By Jeanine Prezioso
NEW YORK, July 2 (Reuters) - Goldman Sachs Group Inc closed its trading recommendation to buy U.S. crude oil and sell Brent oil on Tuesday, as the closely watched spread between the European and U.S. benchmarks reached its narrowest since early 2011.
Goldman said in a report that it expected the spread to narrow in the medium term as new pipelines help shift a growing glut of U.S. light, sweet shale oil from the Cushing, Oklahoma, physical delivery point down to the Houston trading hub, moving pressure from the inland WTI contract to sea-borne Brent.
While cautioning that “the risks in the near term are clearly to the upside,” or a narrower WTI-Brent spread, analysts said in the report that the risk/reward of the trading call for a $5 spread, which it opened on Aug. 21, was “less attractive.”
The front-month August spread between WTI and Brent narrowed to a new low of $4.15 per barrel on Tuesday, the narrowest point between the two grades of crude since January 2011. It settled at $4.40.
Goldman based its call on the September spread, which settled on Monday at $4.61 per barrel, 39 cents below the firm’s target. The spread settled at $4.06 on Tuesday after narrowing to $3.81.

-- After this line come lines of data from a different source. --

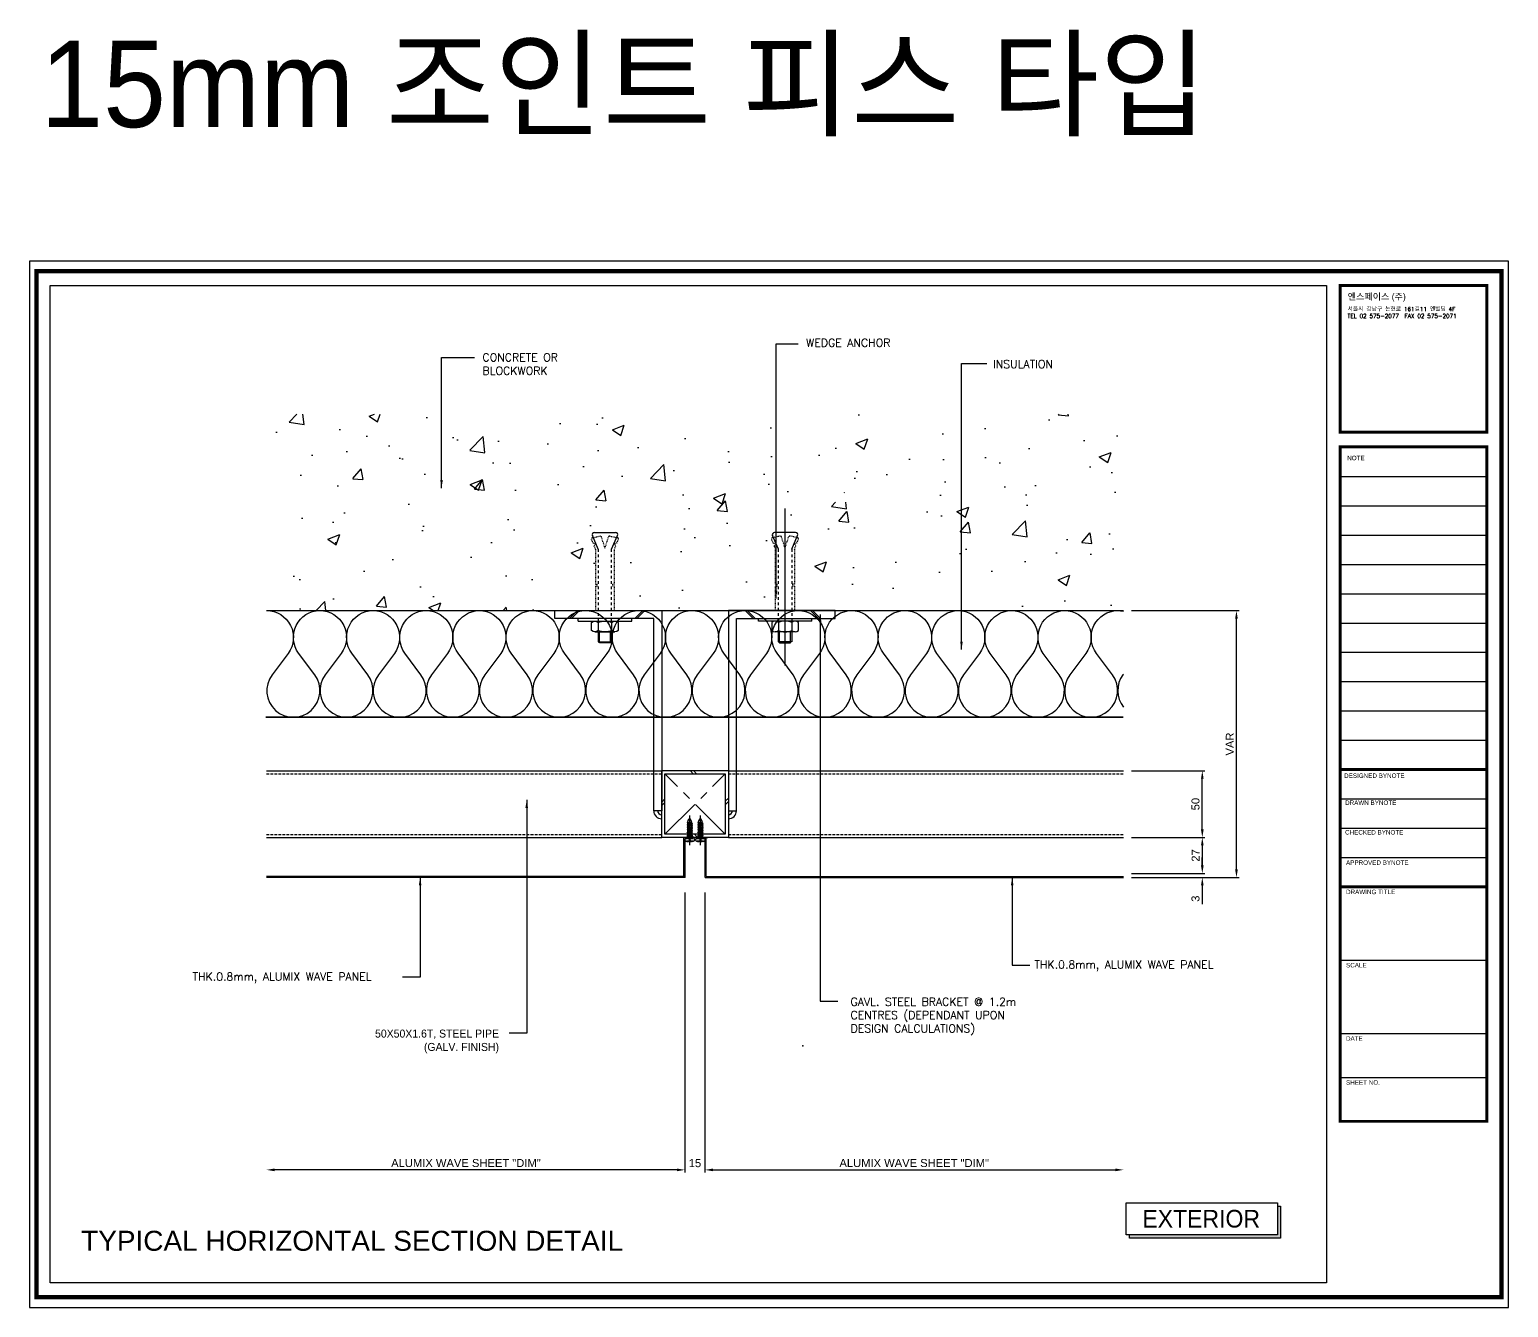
# Model space of a CAD drawing. Header units: millimetres. Extents: x 3584 to 9537, y 842 to 7828.
# Drawn here: x 3604 to 4713, y 2241 to 3198 of the extents above; entities that cross this region are included whole.
import ezdxf

# ---------------------------------------------------------------- set-up
doc = ezdxf.new("R2010")
doc.units = ezdxf.units.MM
for name, pattern in [('A2', [8, 2, -2, 2, -2]), ('CENTER', [50.8, 31.75, -6.35, 6.35, -6.35]), ('CENTER2', [1.125, 0.75, -0.125, 0.125, -0.125]), ('HIDDEN', [3, 2, -1]), ('HIDDEN2', [1, 0.5, -0.5])]:
    doc.linetypes.add(name, pattern=pattern)
doc.layers.get('DEFPOINTS').update_dxf_attribs({"color": 142, "lineweight": 30})
for name, color, linetype in [('3', 3, 'CENTER'), ('4', 4, 'Continuous'), ('BREATHER', 150, 'Continuous'), ('Cen1', 1, 'CENTER2'), ('DIM', 7, 'Continuous'), ('Dims', 1, 'Continuous'), ('HAT', 5, 'Continuous'), ('insulation', 1, 'Continuous'), ('nt', 34, 'Continuous'), ('pa', 4, 'Continuous'), ('PE', 4, 'Continuous'), ('PI', 6, 'Continuous'), ('Structure', 6, 'Continuous'), ('TE 07', 7, 'Continuous'), ('TEXT', 7, 'Continuous'), ('TITLE_TEXT', 7, 'Continuous'), ('WALL', 3, 'Continuous')]:
    doc.layers.add(name, color=color, linetype=linetype)
doc.styles.add('HGTXT', font='romans.shx', dxfattribs={"bigfont": 'whgtxt.shx'})
doc.styles.add('HY울릉도L', font='')
doc.styles.get("Standard").update_dxf_attribs({"font": 'arial.ttf'})
doc.styles.add('style1', font='simplex.shx')
doc.styles.get('HY울릉도L').set_extended_font_data('Dotum')
doc.dimstyles.new('Telling', dxfattribs={"dimscale": 2, "dimtxt": 3, "dimasz": 3, "dimexe": 1, "dimexo": 3, "dimgap": 1, "dimtad": 1, "dimdec": 1, "dimrnd": 1, "dimdsep": 46, "dimtxsty": 'Standard', "dimcen": 3, "dimclrd": 1, "dimclre": 1, "dimclrt": 2, "dimadec": 0, "dimazin": 0, "dimtfac": 1, "dimtdec": 1, "dimtofl": 0, "dimtmove": 0, "dimatfit": 0, "dimfxl": 1, "dimtolj": 1, "dimtzin": 0, "dimlwe": -1, "dimarcsym": 0})

# ---------------------------------------------------------------- blocks, each defined once
blk = doc.blocks.new('*D178')
at = {"layer": 'DEFPOINTS', "color": 0, "transparency": 16777216}
for p in [(4095.4, 2557.5), (4110.4, 2557.7), (4110.4, 2343.9)]:
    blk.add_point(p, dxfattribs=at)
at = {"layer": 'Dims', "color": 1, "transparency": 16777216}
for p, q in [((4095.4, 2551.5), (4095.4, 2341.9)), ((4110.4, 2551.7), (4110.4, 2341.9))]:
    blk.add_line(p, q, dxfattribs=at)
at = {"layer": 'Dims', "color": 1, "lineweight": -2, "transparency": 16777216}
for p, q in [((4089.4, 2343.9), (4083.4, 2343.9)), ((4116.4, 2343.9), (4122.4, 2343.9))]:
    blk.add_line(p, q, dxfattribs=at)
at = {"layer": 'Dims', "color": 1, "transparency": 16777216}
for points in [[(4089.4, 2344.9), (4089.4, 2342.9), (4095.4, 2343.9)], [(4116.4, 2344.9), (4116.4, 2342.9), (4110.4, 2343.9)]]:
    blk.add_solid(points, dxfattribs=at)
at = {"layer": 'Dims', "color": 2, "transparency": 16777216, "insert": (4102.9, 2348.9), "char_height": 6, "attachment_point": 5}
blk.add_mtext('\\A1;15', dxfattribs=at)
blk = doc.blocks.new('50')
at = {"color": 1, "linetype": 'CENTER'}
for p, q in [((-4, -22.7), (-49.4, 22.7)), ((-4, 22.7), (-49.4, -22.7))]:
    blk.add_line(p, q, dxfattribs=at)
at = {"layer": 'PI', "color": 9}
for p, q in [((-31.1, 25), (-28.8, 22.7)), ((-28.5, 25), (-26.2, 22.7)), ((-49.4, 1.2), (-51.7, -1.1)), ((-1.7, 1.8), (-4, -0.5)), ((-49.4, -1.4), (-51.7, -3.7)), ((-1.7, -0.8), (-4, -3.1)), ((-30.5, -22.7), (-28.2, -25)), ((-27.9, -22.7), (-25.6, -25))]:
    blk.add_line(p, q, dxfattribs=at)
at = {"layer": 'PI', "color": 4}
for points in [[(-1.7, -25), (-51.7, -25), (-51.7, 25), (-1.7, 25)], [(-4, -22.7), (-49.4, -22.7), (-49.4, 22.7), (-4, 22.7)]]:
    blk.add_lwpolyline(points, close=True, dxfattribs=at)
blk = doc.blocks.new('*D179')
at = {"layer": 'DEFPOINTS', "color": 0, "transparency": 16777216}
for p in [(4110.4, 2557.7), (4424.2, 2515), (4424.2, 2343.9)]:
    blk.add_point(p, dxfattribs=at)
at = {"layer": 'Dims', "color": 1, "transparency": 16777216}
blk.add_line((4110.4, 2551.7), (4110.4, 2341.9), dxfattribs=at)
at = {"layer": 'Dims', "color": 1, "lineweight": -2, "transparency": 16777216}
blk.add_line((4116.4, 2343.9), (4418.2, 2343.9), dxfattribs=at)
at = {"layer": 'Dims', "color": 1, "transparency": 16777216}
for points in [[(4116.4, 2344.9), (4116.4, 2342.9), (4110.4, 2343.9)], [(4418.2, 2344.9), (4418.2, 2342.9), (4424.2, 2343.9)]]:
    blk.add_solid(points, dxfattribs=at)
at = {"layer": 'Dims', "color": 2, "transparency": 16777216, "insert": (4267.3, 2349), "char_height": 6, "attachment_point": 5}
blk.add_mtext('\\A1;ALUMIX WAVE SHEET "DIM"', dxfattribs=at)
blk = doc.blocks.new('*D180')
at = {"layer": 'DEFPOINTS', "color": 0, "transparency": 16777216}
for p in [(4095.4, 2557.7), (3781.7, 2514.3), (3781.7, 2343.9)]:
    blk.add_point(p, dxfattribs=at)
at = {"layer": 'Dims', "color": 1, "transparency": 16777216}
blk.add_line((4095.4, 2551.7), (4095.4, 2341.9), dxfattribs=at)
at = {"layer": 'Dims', "color": 1, "lineweight": -2, "transparency": 16777216}
blk.add_line((4089.4, 2343.9), (3787.7, 2343.9), dxfattribs=at)
at = {"layer": 'Dims', "color": 1, "transparency": 16777216}
for points in [[(3787.7, 2344.9), (3787.7, 2342.9), (3781.7, 2343.9)], [(4089.4, 2344.9), (4089.4, 2342.9), (4095.4, 2343.9)]]:
    blk.add_solid(points, dxfattribs=at)
at = {"layer": 'Dims', "color": 2, "transparency": 16777216, "insert": (3931.2, 2349), "char_height": 6, "attachment_point": 5}
blk.add_mtext('\\A1;ALUMIX WAVE SHEET "DIM"', dxfattribs=at)
blk = doc.blocks.new('A$C1041300C')
at = {"layer": 'Cen1', "linetype": 'Continuous'}
for p, q in [((1.5, 16), (2, 16.2)), ((5.5, 15.3), (1.5, 15.9)), ((1.5, 15.9), (2, 15.7)), ((1.5, 14.8), (2, 15)), ((1.5, 14.7), (2, 14.5)), ((5.5, 14), (1.5, 14.7)), ((1.5, 13.5), (2, 13.7)), ((5.5, 12.8), (1.5, 13.5)), ((1.5, 13.4), (2, 13.2)), ((1.5, 12.3), (2, 12.5)), ((1.5, 12.2), (2, 12)), ((5.5, 11.6), (1.5, 12.2)), ((1.5, 11.1), (2, 11.3)), ((5.5, 15.4), (1.6, 16)), ((5.5, 14.2), (1.6, 14.8)), ((5.5, 12.9), (1.6, 13.6)), ((5.5, 11.7), (1.6, 12.3)), ((5.5, 10.5), (1.6, 11.1)), ((5.5, 16.5), (2, 17.1)), ((5, 16.3), (2, 16.9)), ((5, 15.6), (2, 16.2)), ((5, 15.1), (2, 15.7)), ((5, 14.3), (2, 15)), ((5, 13.8), (2, 14.5)), ((5, 13.1), (2, 13.7)), ((5, 12.6), (2, 13.2)), ((5, 11.9), (2, 12.5)), ((5, 11.4), (2, 12)), ((5, 10.6), (2, 11.3)), ((5.5, 16.6), (2.2, 17.1)), ((5, 16.8), (3.5, 17.1)), ((5.5, 16.6), (5, 16.8)), ((5.5, 16.5), (5, 16.3)), ((5.5, 15.4), (5, 15.6)), ((5.5, 15.3), (5, 15.1)), ((5.5, 14.2), (5, 14.3)), ((5.5, 14), (5, 13.8)), ((5.5, 12.9), (5, 13.1)), ((5.5, 12.8), (5, 12.6)), ((5.5, 11.7), (5, 11.9)), ((5.5, 11.6), (5, 11.4)), ((1.5, 11), (2, 10.8)), ((5.5, 10.3), (1.5, 11)), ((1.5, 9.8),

It has not been an easy ride for Goldman’s call. As recently as March, the spread had ballooned to more than $15 a barrel.
But Goldman expected an expansion of pipeline capacity to reduce the bottleneck between Cushing and U.S. Gulf Coast (USGC) refineries.
“Over the medium term, we expect the WTI-Brent differential to widen again as the USGC becomes increasingly saturated in light sweet crude oil,” the analysts said in the report.
An increase in pipeline and rail capacity that will allow U.S. refiners to draw crude out of Cushing has led traders to bet on WTI as the go-to crude, rather than Brent imports from the U.S. Gulf Coast.
On Monday, BP Plc said it completed the start-up of a new 250,000 barrel-per-day (bpd) crude distillation unit at its 413,000 bpd Whiting, Indiana, refinery. The start-up will help absorb Canadian crude that might have otherwise pooled at Cushing.
New lines out of the Permian Basin in West Texas, another large oil-producing basin where output is booming, are also helping relieve the build-up at Cushing by redirecting it to the Gulf Coast. One of those lines, Sunoco Logistics Partners LP’s 90,000 bpd Permian Express, is due online in July.
Planned new pipeline capacity from the Permian Basin in West Texas “should comfortably handle output by the end of 2015,” analysts at RBN Energy, LLC said in a note on Tuesday.
Other banks chimed in later in the day with forecasts for the Brent/WTI spread.
Deutsche Bank AG revised higher its long-term forecast for the differential between the two crudes to $15 per barrel by 2016 compared with an earlier forecast of $11.70.
Its 2013 forecast was revised lower to around $10 per barrel versus a previous forecast of $13.30. The Brent/WTI spread will fall to $5/bbl by 2018, then dip to around $4/bbl in 2019 and 2020, the bank said in a report.
UBS AG said in a report that it expects WTI’s discount to Brent to widen to $12 in the third quarter and then narrow slightly to $10 in the fourth quarter and $6 per barrel from the second quarter of 2014.
Front-month U.S. crude oil futures settled $1.61 per barrel higher at $99.60 after trading at a nine-month high near $100 per barrel. Brent crude oil futures ended the day $1 per barrel higher at $104.